What is required: Go through the material below and return each line with the string "linetypes" in it.

Data provided:

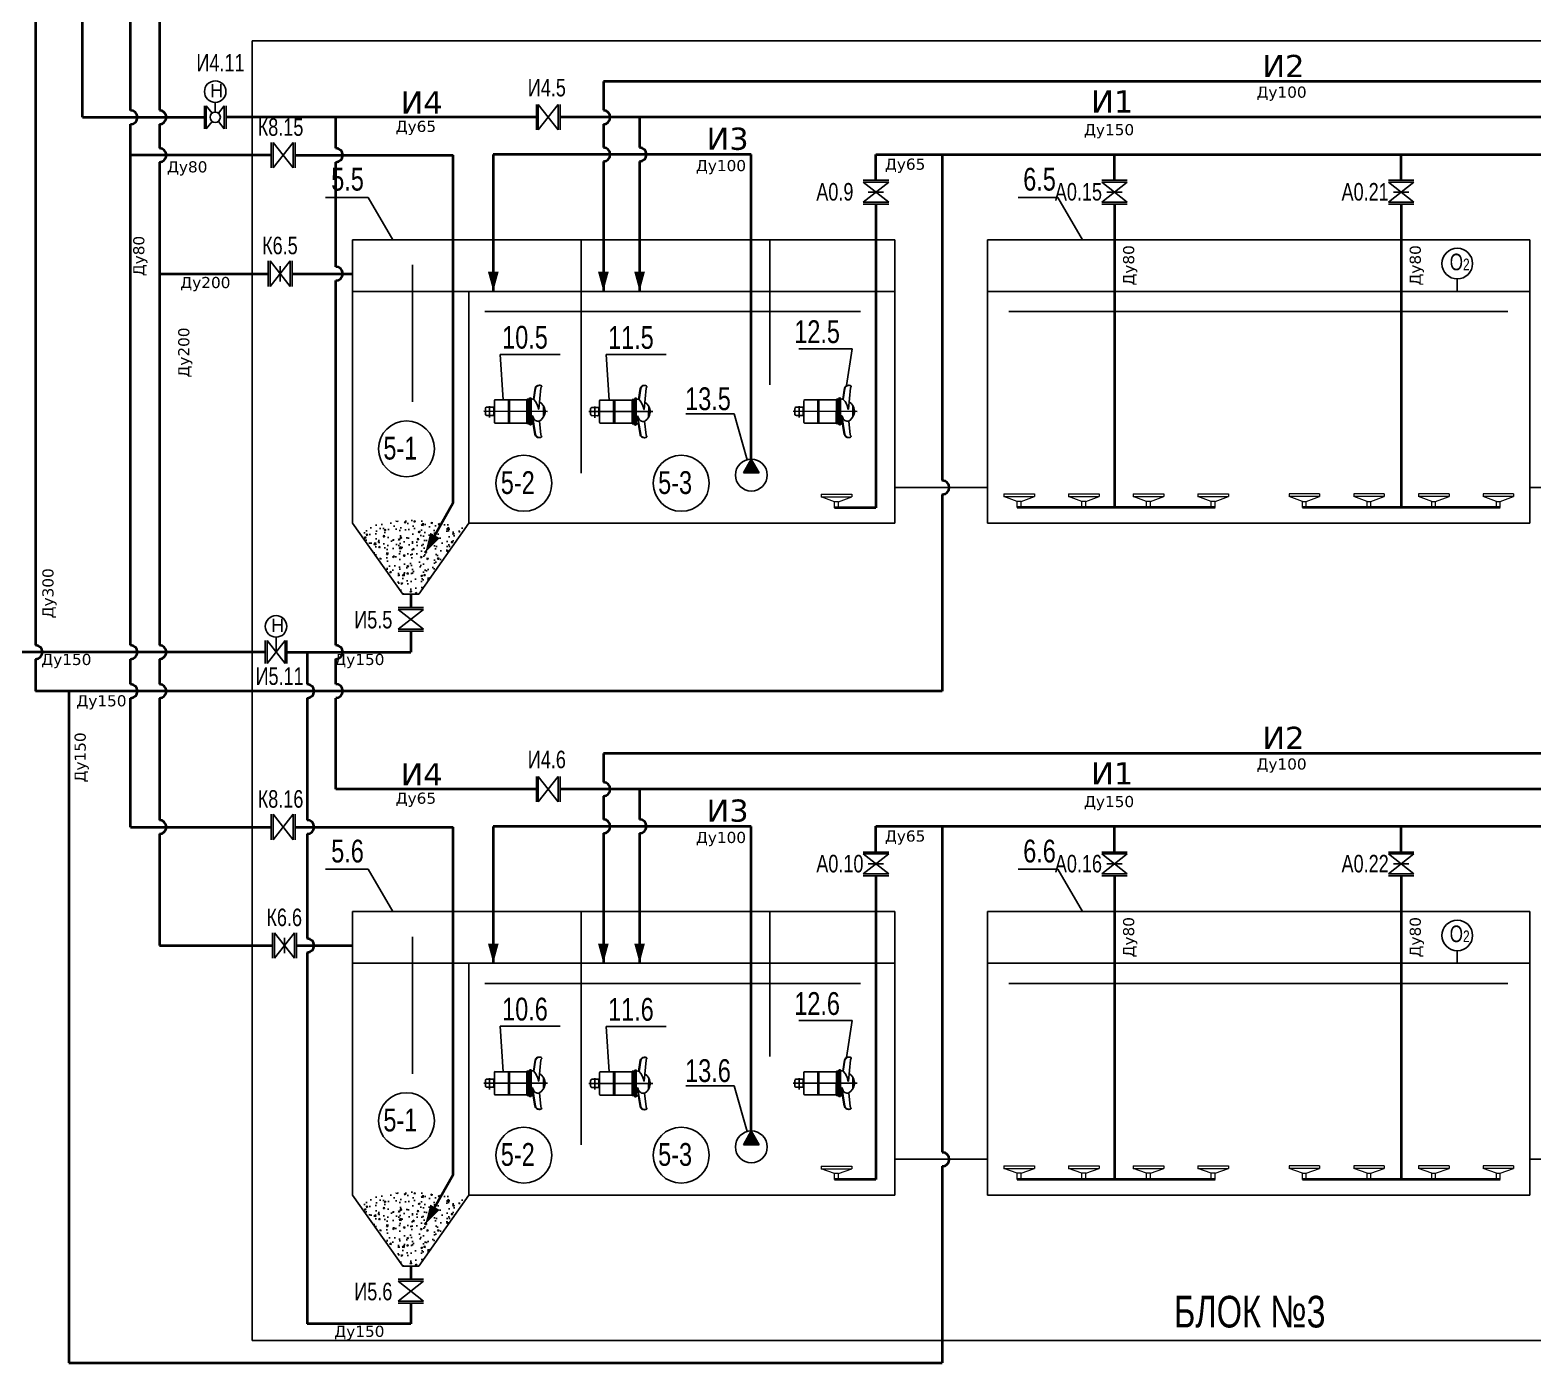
# Model space of a CAD drawing. Extents: x 431547 to 432141, y 118589 to 119430.
# Drawn here: x 431773.2 to 431975.7, y 118870.6 to 119050.2 of the extents above; entities that cross this region are included whole.
import ezdxf

# ---------------------------------------------------------------- set-up
doc = ezdxf.new("R2010")
doc.units = 0
doc.header["$LTSCALE"] = 300
doc.header["$MEASUREMENT"] = 0
doc.linetypes.add('DASHED2', pattern=[9.525, 6.35, -3.175])
doc.linetypes.add('HIDDEN2', pattern=[4.7625, 3.175, -1.5875])
for name, color, linetype in [('1', 7, 'CONTINUOUS'), ('Обозначение задвижек', 7, 'CONTINUOUS'), ('Слой1', 7, 'CONTINUOUS')]:
    doc.layers.add(name, color=color, linetype=linetype)
for name, color, linetype, lineweight, true_color in [('А0', 7, 'CONTINUOUS', 40, 0x00befa), ('И1', 7, 'CONTINUOUS', 40, 0xfa8200), ('И2', 7, 'CONTINUOUS', 40, 0xc86400), ('И3', 7, 'CONTINUOUS', 40, 0xaa5000), ('И4', 7, 'CONTINUOUS', 40, 0x783c00), ('И5', 7, 'CONTINUOUS', 40, 0x5a3200), ('К6', 7, 'CONTINUOUS', 40, 0x501400), ('К8', 7, 'CONTINUOUS', 40, 0x008282)]:
    doc.layers.add(name, color=color, linetype=linetype, lineweight=lineweight, true_color=true_color)
doc.layers.add('воздух', color=140, linetype='CONTINUOUS', lineweight=15)
doc.layers.add('Запорная арматура', color=200, linetype='CONTINUOUS', lineweight=20)
doc.styles.add('MONARCH', font='monarch', dxfattribs={"width": 0.77})

# ---------------------------------------------------------------- blocks, each defined once
blk = doc.blocks.new('_мешалка')
at = {"layer": '1', "color": 124}
for p, q in [((10, 107), (-200, -1028)), ((101, -19), (-101, 19)), ((-336, -623), (-232, -60)), ((-214, -49), (-25, -84)), ((-92, -34), (-99, -70)), ((-28, -83), (168, -119)), ((55, -61), (48, -97)), ((76, -699), (180, -136)), ((133, -391), (-279, -315)), ((137, -371), (-276, -295)), ((-639, -804), (-637, -789)), ((-367, -735), (-569, -728)), ((-367, -745), (-568, -738)), ((-146, -736), (-382, -692)), ((-365, -674), (81, -756)), ((-351, -651), (-355, -653)), ((-351, -651), (79, -730)), ((77, -730), (-351, -651)), ((82, -700), (-345, -621)), ((-146, -736), (91, -780)), ((-142, -715), (81, -756)), ((-68, -763), (-72, -772)), ((-72, -772), (248, -889)), ((-68, -763), (252, -879)), ((76, -729), (80, -733)), ((84, -703), (79, -730)), ((84, -703), (79, -730)), ((84, -703), (82, -700)), ((-609, -835), (-620, -842)), ((-594, -832), (-210, -867)), ((-280, -938), (-94, -972)), ((-210, -867), (-209, -859)), ((-173, -986), (-210, -979)), ((238, -986), (-1, -915)), ((252, -994), (260, -1005)), ((291, -976), (294, -961))]:
    blk.add_line(p, q, dxfattribs=at)
at = {"layer": '1', "color": 124, "linetype": 'Continuous'}
for p, q in [((-99, -70), (-99, -70)), ((-353, -648), (-348, -623)), ((-353, -648), (-348, -623)), ((-351, -651), (-353, -648)), ((-351, -651), (-353, -648)), ((-345, -621), (-348, -623))]:
    blk.add_line(p, q, dxfattribs=at)
at = {"layer": '1', "color": 124}
blk.add_lwpolyline([(-74, 64), (-92, -34, 0.414214), (-72, -63), (26, -81, 0.414214), (55, -61), (73, 37, 0.414214), (53, 66), (-45, 84, 0.414214)], format="xyb", close=True, dxfattribs=at)
at = {"layer": '1', "color": 124, "linetype": 'Continuous'}
for centre, start, end in [((-218, -63), 77.1017, 167.0397), ((165, -134), 352.0399, 79.5398)]:
    blk.add_arc(centre, 15, start, end, dxfattribs=at)
at = {"layer": '1', "color": 124}
for centre, radius, start, end in [((-600, -811), 40, 169.5398, 229.2486), ((-563, -803), 75, 94.5398, 169.5398), ((-562, -813), 75, 94.5398, 194.5407), ((-347, -688), 35.7, 103.1562, 187.8291), ((43, -718), 411, 176.7694, 183.6906), ((43, -718), 411, 173.7885, 176.7694), ((-108, -554), 322, 216.374, 251.6398), ((-316, -652), 411, 337.2951, 342.3102), ((-316, -652), 411, 342.3102, 345.2911), ((60, -763), 35.5, 331.1876, 55.9107), ((-623, -838), 5, 229.2486, 300.367), ((-596, -857), 25, 83.5136, 120.367), ((-144, -774), 215, 201.9683, 252.2211), ((-166, -757), 229, 268.2939, 315.9686), ((232, -1010), 25, 38.7126, 75.566), ((216, -956), 75, 324.5389, 64.5398), ((220, -947), 75, 349.5398, 64.5398), ((264, -1002), 5, 218.7126, 289.831), ((252, -969), 40, 289.831, 349.5398)]:
    blk.add_arc(centre, radius, start, end, dxfattribs=at)
blk.add_open_spline([(-72, -772), (-61, -782), (-38, -799), (-9, -815), (5, -845), (9, -874), (6, -899), (1, -911), (-1, -916)], degree=3, knots=[0, 0, 0, 0, 18.339493, 33.175611, 44.600606, 57.620778, 67.720748, 74.27857, 74.27857, 74.27857, 74.27857], dxfattribs=at)

msp = doc.modelspace()

# ---------------------------------------------------------------- hatches: boundary and pattern name
at = {"layer": '1', "ltscale": 0.3}
h = msp.add_hatch(color=1, dxfattribs=at)
h.dxf.hatch_style = 1
h.paths.add_polyline_path([(431870.42, 118992.41), (431871.47, 118990.55), (431869.38, 118990.55)])
at = {"layer": '1', "ltscale": 0.4}
h = msp.add_hatch(dxfattribs=at)
h.set_pattern_fill('AR-CONC', color=256, scale=0.319905)
h.set_pattern_definition([(50, (428127.8384, 119359.4968), (2.2945517, -0.2007473), [0.2399288, -2.6392168]), (355, (428127.8384, 119359.4968), (-0.4438725, 2.4063007), [0.191943, -2.1113734]), (100.451444, (428128.0297, 119359.48), (1.8506791, 2.2055535), [0.2039081, -2.2429891]), (46.1842, (428127.8384, 119360.1366), (3.414159, -0.5295046), [0.3598932, -3.9588252]), (96.63564, (428128.123, 119360.0925), (2.990031, 3.1162548), [0.3058623, -3.3644856]), (351.18416, (428127.8384, 119360.1366), (2.990031, 3.1162547), [0.2879146, -3.16706]), (21, (428128.1584, 119359.9767), (1.9095359, -1.2879982), [0.2399288, -2.6392168]), (326, (428128.1584, 119359.9767), (0.778378, 2.3197917), [0.191943, -2.1113734]), (71.451445, (428128.3175, 119359.8694), (2.687914, 1.0317935), [0.2039081, -2.2429891]), (37.5, (428127.83845, 119359.4968), (0.0389, 1.0649443), [0, -2.08578103, 0, -2.14336394, 0, -2.11937106]), (7.5, (428127.8384, 119359.4968), (0.84157278, 1.26174305), [0, -1.22203735, 0, -2.03779527, 0, -0.8077603]), (327.5, (428127.1251, 119359.4968), (1.70772502, -0.07215418), [0, -0.79976266, 0, -2.4952595, 0, -3.31101743]), (317.5, (428126.8052, 119359.4968), (1.8656421, 0.3202409), [0, -1.03969146, 0, -1.65710824, 0, -2.35130223])])
edge = h.paths.add_edge_path()
edge.add_spline(control_points=[(431828.69, 118983.71), (431827.56, 118983.91), (431823.83, 118984.4), (431819.71, 118983.93), (431817.69, 118982.36)], knot_values=[154.681496, 154.681496, 154.681496, 154.681496, 316.579474, 679.425503, 679.425503, 679.425503, 679.425503], degree=3, periodic=0)
edge.add_line((431817.69, 118982.36), (431823.45, 118974.19))
edge.add_line((431823.45, 118974.19), (431825.63, 118974.19))
edge.add_line((431825.63, 118974.19), (431831.89, 118983.07))
edge.add_spline(control_points=[(431831.89, 118983.07), (431830.83, 118983.3), (431829.77, 118983.53), (431828.69, 118983.71)], knot_values=[0, 0, 0, 0, 154.681496, 154.681496, 154.681496, 154.681496], degree=3, periodic=0)
at = {"layer": '1', "ltscale": 0.3}
h = msp.add_hatch(color=1, dxfattribs=at)
h.dxf.hatch_style = 1
h.paths.add_polyline_path([(431870.42, 118901.86), (431871.47, 118900), (431869.38, 118900)])
at = {"layer": '1', "ltscale": 0.4}
h = msp.add_hatch(dxfattribs=at)
h.set_pattern_fill('AR-CONC', color=256, scale=0.319905)
h.set_pattern_definition([(50, (428127.8384, 119268.9474), (2.2945517, -0.2007473), [0.2399288, -2.6392168]), (355, (428127.8384, 119268.9474), (-0.4438725, 2.4063007), [0.191943, -2.1113734]), (100.451444, (428128.0297, 119268.9307), (1.8506791, 2.2055535), [0.2039081, -2.2429891]), (46.1842, (428127.8384, 119269.5872), (3.414159, -0.5295046), [0.3598932, -3.9588252]), (96.63564, (428128.123, 119269.543), (2.990031, 3.1162548), [0.3058623, -3.3644856]), (351.18416, (428127.8384, 119269.5872), (2.990031, 3.1162547), [0.2879146, -3.16706]), (21, (428128.1584, 119269.4273), (1.9095359, -1.2879982), [0.2399288, -2.6392168]), (326, (428128.1584, 119269.4273), (0.778378, 2.3197917), [0.191943, -2.1113734]), (71.451445, (428128.3175, 119269.32), (2.687914, 1.0317935), [0.2039081, -2.2429891]), (37.5, (428127.83845, 119268.9474), (0.0389, 1.0649443), [0, -2.08578103, 0, -2.14336394, 0, -2.11937106]), (7.5, (428127.8384, 119268.9474), (0.84157278, 1.26174305), [0, -1.22203735, 0, -2.03779527, 0, -0.8077603]), (327.5, (428127.1251, 119268.9474), (1.70772502, -0.07215418), [0, -0.79976266, 0, -2.4952595, 0, -3.31101743]), (317.5, (428126.8052, 119268.9474), (1.8656421, 0.3202409), [0, -1.03969146, 0, -1.65710824, 0, -2.35130223])])
edge = h.paths.add_edge_path()
edge.add_spline(control_points=[(431828.69, 118893.16), (431827.56, 118893.36), (431823.83, 118893.85), (431819.71, 118893.38), (431817.69, 118891.81)], knot_values=[154.681496, 154.681496, 154.681496, 154.681496, 316.579474, 679.425503, 679.425503, 679.425503, 679.425503], degree=3, periodic=0)
edge.add_line((431817.69, 118891.81), (431823.45, 118883.64))
edge.add_line((431823.45, 118883.64), (431825.63, 118883.64))
edge.add_line((431825.63, 118883.64), (431831.89, 118892.52))
edge.add_spline(control_points=[(431831.89, 118892.52), (431830.83, 118892.75), (431829.77, 118892.98), (431828.69, 118893.16)], knot_values=[0, 0, 0, 0, 154.681496, 154.681496, 154.681496, 154.681496], degree=3, periodic=0)

# ---------------------------------------------------------------- linework, layer by layer
at = {"layer": '1'}
for p, q in [((431841.46, 119040.2), (431841.46, 119036.78)), ((431841.72, 119036.78), (431841.72, 119040.2)), ((431841.72, 119040.2), (431844.41, 119036.78)), ((431844.41, 119040.2), (431841.72, 119036.78)), ((431844.41, 119036.78), (431844.41, 119040.2)), ((431844.68, 119040.2), (431844.68, 119036.78)), ((431796.73, 119040.04), (431796.73, 119036.93)), ((431796.97, 119036.93), (431796.97, 119040.04)), ((431796.97, 119040.04), (431797.76, 119039.03)), ((431799.41, 119040.04), (431798.62, 119039.03)), ((431799.41, 119036.93), (431799.41, 119040.04)), ((431799.66, 119040.04), (431799.66, 119036.93)), ((431797.76, 119037.93), (431796.97, 119036.93)), ((431798.62, 119037.93), (431799.41, 119036.93)), ((431805.75, 119035.09), (431805.75, 119031.66)), ((431806.02, 119031.66), (431806.02, 119035.09)), ((431806.02, 119035.09), (431808.71, 119031.66)), ((431808.71, 119035.09), (431806.02, 119031.66)), ((431808.71, 119031.66), (431808.71, 119035.09)), ((431808.98, 119035.09), (431808.98, 119031.66)), ((431888.93, 119030), (431885.5, 119030)), ((431885.5, 119029.73), (431888.93, 119029.73)), ((431888.93, 119029.73), (431885.5, 119027.05)), ((431888.93, 119027.05), (431885.5, 119029.73)), ((431888.24, 119028.39), (431886.18, 119028.39)), ((431888.24, 119028.39), (431886.19, 119028.39)), ((431921.07, 119030), (431917.64, 119030)), ((431917.64, 119029.73), (431921.07, 119029.73)), ((431921.07, 119029.73), (431917.64, 119027.05)), ((431921.07, 119027.05), (431917.64, 119029.73)), ((431920.38, 119028.39), (431918.32, 119028.39)), ((431920.38, 119028.39), (431918.33, 119028.39)), ((431959.69, 119030), (431956.27, 119030)), ((431956.27, 119029.73), (431959.69, 119029.73)), ((431959.69, 119029.73), (431956.27, 119027.05)), ((431959.69, 119027.05), (431956.27, 119029.73)), ((431959.01, 119028.39), (431956.94, 119028.39)), ((431959.01, 119028.39), (431956.95, 119028.39)), ((431885.5, 119027.05), (431888.93, 119027.05)), ((431888.93, 119026.78), (431885.5, 119026.78)), ((431917.64, 119027.05), (431921.07, 119027.05)), ((431921.07, 119026.78), (431917.64, 119026.78)), ((431956.27, 119027.05), (431959.69, 119027.05)), ((431959.69, 119026.78), (431956.27, 119026.78)), ((431805.34, 119019.11), (431805.34, 119015.69)), ((431805.61, 119015.69), (431805.61, 119019.11)), ((431805.61, 119019.11), (431808.29, 119015.69)), ((431808.29, 119019.11), (431805.61, 119015.69)), ((431806.95, 119018.43), (431806.95, 119016.37)), ((431806.95, 119018.43), (431806.95, 119016.36)), ((431808.29, 119015.69), (431808.29, 119019.11)), ((431808.56, 119019.11), (431808.56, 119015.69)), ((431826.25, 118972.42), (431822.82, 118972.42)), ((431822.82, 118972.16), (431826.25, 118972.16)), ((431826.25, 118972.16), (431822.82, 118969.47)), ((431826.25, 118969.47), (431822.82, 118972.16)), ((431822.82, 118969.47), (431826.25, 118969.47)), ((431804.93, 118967.96), (431804.93, 118964.84)), ((431805.17, 118964.84), (431805.17, 118967.96)), ((431805.17, 118967.96), (431807.61, 118964.84)), ((431807.61, 118967.96), (431805.17, 118964.84)), ((431807.61, 118964.84), (431807.61, 118967.96)), ((431807.86, 118967.96), (431807.86, 118964.84)), ((431826.25, 118969.2), (431822.82, 118969.2)), ((431841.46, 118949.65), (431841.46, 118946.23)), ((431841.72, 118946.23), (431841.72, 118949.65)), ((431841.72, 118949.65), (431844.41, 118946.23)), ((431844.41, 118949.65), (431841.72, 118946.23)), ((431844.41, 118946.23), (431844.41, 118949.65)), ((431844.68, 118949.65), (431844.68, 118946.23)), ((431805.75, 118944.54), (431805.75, 118941.11)), ((431806.02, 118941.11), (431806.02, 118944.54)), ((431806.02, 118944.54), (431808.71, 118941.11)), ((431808.71, 118944.54), (431806.02, 118941.11)), ((431808.71, 118941.11), (431808.71, 118944.54)), ((431808.98, 118944.54), (431808.98, 118941.11)), ((431888.93, 118939.45), (431885.5, 118939.45)), ((431885.5, 118939.19), (431888.93, 118939.19)), ((431888.93, 118939.19), (431885.5, 118936.5)), ((431888.93, 118936.5), (431885.5, 118939.19)), ((431921.07, 118939.45), (431917.64, 118939.45)), ((431917.64, 118939.19), (431921.07, 118939.19)), ((431921.07, 118939.19), (431917.64, 118936.5)), ((431921.07, 118936.5), (431917.64, 118939.19)), ((431959.69, 118939.45), (431956.27, 118939.45)), ((431956.27, 118939.19), (431959.69, 118939.19)), ((431959.69, 118939.19), (431956.27, 118936.5)), ((431959.69, 118936.5), (431956.27, 118939.19)), ((431888.24, 118937.84), (431886.18, 118937.84)), ((431888.24, 118937.84), (431886.19, 118937.84)), ((431920.38, 118937.84), (431918.32, 118937.84)), ((431920.38, 118937.84), (431918.33, 118937.84)), ((431959.01, 118937.84), (431956.94, 118937.84)), ((431959.01, 118937.84), (431956.95, 118937.84)), ((431885.5, 118936.5), (431888.93, 118936.5)), ((431888.93, 118936.23), (431885.5, 118936.23)), ((431917.64, 118936.5), (431921.07, 118936.5)), ((431921.07, 118936.23), (431917.64, 118936.23)), ((431956.27, 118936.5), (431959.69, 118936.5)), ((431959.69, 118936.23), (431956.27, 118936.23)), ((431805.92, 118928.56), (431805.92, 118925.14)), ((431806.19, 118925.14), (431806.19, 118928.56)), ((431806.19, 118928.56), (431808.88, 118925.14)), ((431808.88, 118928.56), (431806.19, 118925.14)), ((431807.53, 118927.88), (431807.53, 118925.82)), ((431807.53, 118927.88), (431807.53, 118925.81)), ((431808.88, 118925.14), (431808.88, 118928.56)), ((431809.14, 118928.56), (431809.14, 118925.14)), ((431826.25, 118881.87), (431822.82, 118881.87)), ((431822.82, 118881.61), (431826.25, 118881.61)), ((431826.25, 118881.61), (431822.82, 118878.92)), ((431826.25, 118878.92), (431822.82, 118881.61)), ((431822.82, 118878.92), (431826.25, 118878.92)), ((431826.25, 118878.65), (431822.82, 118878.65))]:
    msp.add_line(p, q, dxfattribs=at)
at = {"layer": '1', "ltscale": 0.4}
for p, q in [((431813.07, 119027.69), (431818.8, 119027.69)), ((431818.8, 119027.69), (431822.14, 119021.97)), ((431906.4, 119027.69), (431911.71, 119027.69)), ((431911.71, 119027.69), (431915.06, 119021.97)), ((431816.69, 118983.77), (431816.69, 119021.97)), ((431816.69, 119021.97), (431889.77, 119021.97)), ((431847.5, 119021.97), (431847.5, 118990.52)), ((431872.94, 119021.97), (431872.94, 119002.44)), ((431889.77, 119021.97), (431889.77, 118983.77)), ((431902.26, 118983.77), (431902.26, 119021.97)), ((431902.26, 119021.97), (431975.34, 119021.97)), ((431975.34, 119021.97), (431975.34, 118983.77)), ((431824.75, 119018.58), (431824.75, 119000.12)), ((431832.38, 118983.77), (431832.38, 119015.01)), ((431816.69, 118983.77), (431823.45, 118974.19)), ((431832.38, 118983.77), (431825.63, 118974.19)), ((431889.77, 118983.77), (431832.38, 118983.77)), ((431975.34, 118983.77), (431902.26, 118983.77)), ((431823.45, 118974.19), (431825.63, 118974.19)), ((431813.07, 118937.14), (431818.8, 118937.14)), ((431818.8, 118937.14), (431822.14, 118931.42)), ((431906.4, 118937.14), (431911.71, 118937.14)), ((431911.71, 118937.14), (431915.06, 118931.42)), ((431816.69, 118893.22), (431816.69, 118931.42)), ((431816.69, 118931.42), (431889.77, 118931.42)), ((431847.5, 118931.42), (431847.5, 118899.97)), ((431872.94, 118931.42), (431872.94, 118911.89)), ((431889.77, 118931.42), (431889.77, 118893.22)), ((431902.26, 118893.22), (431902.26, 118931.42)), ((431902.26, 118931.42), (431975.34, 118931.42)), ((431975.34, 118931.42), (431975.34, 118893.22)), ((431824.75, 118928.04), (431824.75, 118909.57)), ((431832.38, 118893.22), (431832.38, 118924.46)), ((431816.69, 118893.22), (431823.45, 118883.64)), ((431832.38, 118893.22), (431825.63, 118883.64)), ((431889.77, 118893.22), (431832.38, 118893.22)), ((431975.34, 118893.22), (431902.26, 118893.22)), ((431823.45, 118883.64), (431825.63, 118883.64))]:
    msp.add_line(p, q, dxfattribs=at)
at = {"layer": '1', "color": 4, "ltscale": 0.4}
for p, q in [((431816.69, 119015.01), (431889.77, 119015.01)), ((431902.26, 119015.01), (431975.34, 119015.01)), ((431816.69, 118924.46), (431889.77, 118924.46)), ((431902.26, 118924.46), (431975.34, 118924.46))]:
    msp.add_line(p, q, dxfattribs=at)
at = {"layer": '1', "color": 4, "linetype": 'HIDDEN2', "ltscale": 0.25}
for p, q in [((431834.54, 119012.3), (431885.12, 119012.3)), ((431905.1, 119012.3), (431972.35, 119012.3)), ((431834.54, 118921.75), (431885.12, 118921.75)), ((431905.1, 118921.75), (431972.35, 118921.75))]:
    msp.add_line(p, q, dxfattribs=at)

Result of this exercise:
doc.linetypes.add('DASHED2', pattern=[9.525, 6.35, -3.175])
doc.linetypes.add('HIDDEN2', pattern=[4.7625, 3.175, -1.5875])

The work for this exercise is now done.